# Help!!! Is milk replacer a bad thing??



## AngieB (Mar 23, 2011)

We are fairly new to raising goats. We had beautiful triplets yesterday morning and had to force feed colostrum because the doe was not acting "right". She seemed tired and not really interested. We assumed it has something to do with kidding in 97 degree heat. Well, throughout the night she got worse and died this morning, only 24 hours after giving birth. The kids are alert and walking around but obviously hungry. I gave them 2 feedings of milk replacer and now have read in several places never to give this and that cows whole milk is better. What is the best thing to do now??? 

Angie


----------



## freedomstarfarm (Mar 25, 2011)

From all that I have heard .....
Goat milk is best if you can get it. Then I hear some say cows milk others say use the replacer before cows milk. Lots of it is opinion. Even cows milk is lower in fat than goats milk so :shrug: 
If you use replacer I would get a goat replacer not one for a different species since it will be closer to the right stuff in it. 

How much colostrum did the kids get? They really do need it so if they didn't get any I would find some sort of colostrum replacer even if all you can find is a paste.


----------



## freedomstarfarm (Mar 25, 2011)

I am very sorry for your loss. :hug: 
I hope The kids do ok for you.


----------



## KW Farms (Jun 21, 2008)

I have used replacer before but didn't like it and actually lost a couple kids that were on it. I have heard whole cows milk works well, but have never tried it and heard from a vet that it doesn't give the proper amount of nutrients. I do know of a couple breeders who have used whole cows milk with success though. 

Do you know of anyone with a doe in milk you could purchase or lease or something?

If I had a choice now, i'd probably go with whole cows milk if goat milk isn't available...but I honestly don't have much experience with bottle kids and milk replacers. I'm sure someone will give some advice soon. 

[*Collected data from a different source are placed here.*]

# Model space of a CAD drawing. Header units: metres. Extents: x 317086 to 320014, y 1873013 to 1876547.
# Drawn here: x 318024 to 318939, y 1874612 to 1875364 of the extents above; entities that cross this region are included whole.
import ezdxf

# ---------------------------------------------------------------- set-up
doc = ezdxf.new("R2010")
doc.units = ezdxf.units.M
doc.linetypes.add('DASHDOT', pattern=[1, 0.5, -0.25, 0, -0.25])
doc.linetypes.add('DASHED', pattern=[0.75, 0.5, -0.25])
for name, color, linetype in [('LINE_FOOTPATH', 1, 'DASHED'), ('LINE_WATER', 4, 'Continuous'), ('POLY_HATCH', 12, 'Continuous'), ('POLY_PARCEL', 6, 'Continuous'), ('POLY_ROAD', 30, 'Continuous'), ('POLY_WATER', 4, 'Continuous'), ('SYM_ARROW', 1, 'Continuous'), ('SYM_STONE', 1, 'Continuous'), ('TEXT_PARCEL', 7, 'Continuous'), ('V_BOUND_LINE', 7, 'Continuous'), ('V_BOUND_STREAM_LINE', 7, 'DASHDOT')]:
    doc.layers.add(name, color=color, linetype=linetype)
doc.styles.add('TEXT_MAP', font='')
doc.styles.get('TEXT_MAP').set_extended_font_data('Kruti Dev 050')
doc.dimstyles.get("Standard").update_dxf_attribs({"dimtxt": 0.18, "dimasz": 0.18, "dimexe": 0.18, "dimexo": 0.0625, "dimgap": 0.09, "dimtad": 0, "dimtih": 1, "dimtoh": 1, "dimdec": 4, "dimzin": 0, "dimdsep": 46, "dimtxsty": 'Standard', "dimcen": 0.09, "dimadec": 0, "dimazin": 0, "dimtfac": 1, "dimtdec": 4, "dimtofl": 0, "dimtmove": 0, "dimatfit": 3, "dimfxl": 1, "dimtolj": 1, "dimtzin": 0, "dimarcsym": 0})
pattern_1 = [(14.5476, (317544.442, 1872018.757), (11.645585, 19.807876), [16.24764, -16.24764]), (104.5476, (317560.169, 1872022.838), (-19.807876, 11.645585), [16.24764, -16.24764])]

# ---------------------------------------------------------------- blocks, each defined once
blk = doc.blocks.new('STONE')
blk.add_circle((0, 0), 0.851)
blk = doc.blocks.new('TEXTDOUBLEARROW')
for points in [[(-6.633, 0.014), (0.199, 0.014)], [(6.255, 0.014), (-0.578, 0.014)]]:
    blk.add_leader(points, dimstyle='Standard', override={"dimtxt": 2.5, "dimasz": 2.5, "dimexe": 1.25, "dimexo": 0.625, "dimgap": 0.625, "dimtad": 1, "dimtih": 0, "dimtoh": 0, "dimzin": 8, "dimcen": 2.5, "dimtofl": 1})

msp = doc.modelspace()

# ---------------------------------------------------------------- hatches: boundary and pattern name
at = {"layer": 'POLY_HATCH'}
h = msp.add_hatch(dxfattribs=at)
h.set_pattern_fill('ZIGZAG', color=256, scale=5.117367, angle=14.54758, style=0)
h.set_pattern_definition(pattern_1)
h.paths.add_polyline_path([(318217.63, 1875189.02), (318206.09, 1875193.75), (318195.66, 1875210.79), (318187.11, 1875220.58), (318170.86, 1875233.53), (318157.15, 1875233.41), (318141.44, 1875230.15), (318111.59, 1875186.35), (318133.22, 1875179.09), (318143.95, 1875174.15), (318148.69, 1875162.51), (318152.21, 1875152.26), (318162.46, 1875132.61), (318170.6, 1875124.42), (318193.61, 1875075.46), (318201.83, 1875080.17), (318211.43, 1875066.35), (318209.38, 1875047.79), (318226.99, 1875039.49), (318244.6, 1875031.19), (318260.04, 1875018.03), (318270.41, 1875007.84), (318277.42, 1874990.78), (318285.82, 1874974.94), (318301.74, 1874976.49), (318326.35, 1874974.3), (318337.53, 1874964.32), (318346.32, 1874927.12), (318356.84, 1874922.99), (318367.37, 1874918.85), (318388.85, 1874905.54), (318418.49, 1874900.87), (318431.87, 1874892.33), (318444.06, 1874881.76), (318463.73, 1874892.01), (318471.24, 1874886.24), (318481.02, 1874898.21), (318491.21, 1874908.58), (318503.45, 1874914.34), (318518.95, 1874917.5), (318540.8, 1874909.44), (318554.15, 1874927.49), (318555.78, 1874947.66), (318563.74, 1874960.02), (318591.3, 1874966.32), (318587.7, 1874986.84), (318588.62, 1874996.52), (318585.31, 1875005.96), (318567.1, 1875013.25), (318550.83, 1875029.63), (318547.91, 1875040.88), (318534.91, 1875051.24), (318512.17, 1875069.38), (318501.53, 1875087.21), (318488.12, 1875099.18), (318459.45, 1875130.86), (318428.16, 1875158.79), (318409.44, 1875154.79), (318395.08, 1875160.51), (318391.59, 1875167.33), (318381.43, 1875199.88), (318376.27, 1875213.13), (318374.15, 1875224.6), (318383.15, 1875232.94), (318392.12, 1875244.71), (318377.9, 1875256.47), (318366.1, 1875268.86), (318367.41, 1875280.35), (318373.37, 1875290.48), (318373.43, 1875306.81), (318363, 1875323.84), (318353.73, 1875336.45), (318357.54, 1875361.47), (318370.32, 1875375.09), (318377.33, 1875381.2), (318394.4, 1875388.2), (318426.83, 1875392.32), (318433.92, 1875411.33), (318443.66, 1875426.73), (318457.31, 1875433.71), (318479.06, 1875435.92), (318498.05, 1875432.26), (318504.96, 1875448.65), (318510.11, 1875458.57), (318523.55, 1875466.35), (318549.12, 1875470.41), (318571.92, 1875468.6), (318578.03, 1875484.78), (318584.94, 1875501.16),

So sorry to hear about the loss of your doe. :hug:


----------



## AngieB (Mar 23, 2011)

Thanks. Yes, it's quite a sad loss. Guess we'll never know what happend. One thought was a calcium deficiency, we got a Calcium drench first thing this AM but it was too late. I couldn't help but think her abdomen felt too firm. Was wondering if the birth was traumatic and she was bleeding inside?? We found afterbirth and it all looked normal. 
Yes, the kids did get at least 3 good feedings of colostrum. They are active and walking with tails up and wagging, so we are cautiously optimistic. The replacer we are using is specifically for goats. One website I found said milk replacers "kill baby goats". Yikes! All these opinions make you go crazy!!


----------



## freedomstarfarm (Mar 25, 2011)

Found this http://thegoatspot.net/phpbb/viewtopic.php?f=47&t=20066&p=242187&hilit=milk+replacer#p242187


----------



## StaceyRosado (Oct 5, 2007)

Personally I like goat milk replacer better then whole cows milk. Its more formulated for goats and their high fat content needs. I use the land o lakes and kids did fine on it. 
glad they got colostrum - but for future reference note that after 24 hours their bodies can't absorb the colostrum so to the poster who said they need it it wouldn't be effective now anyway.


----------



## freedomstarfarm (Mar 25, 2011)

Yep Stacey is right about the colostrum I was thinking they were born this morning not yesterday.


----------



## sweetgoats (Oct 18, 2007)

I have never had a problem with replacer. I used this year from Land of Lake, *Does Match*. It was great and the kids are happy and healthy and at their noew homes.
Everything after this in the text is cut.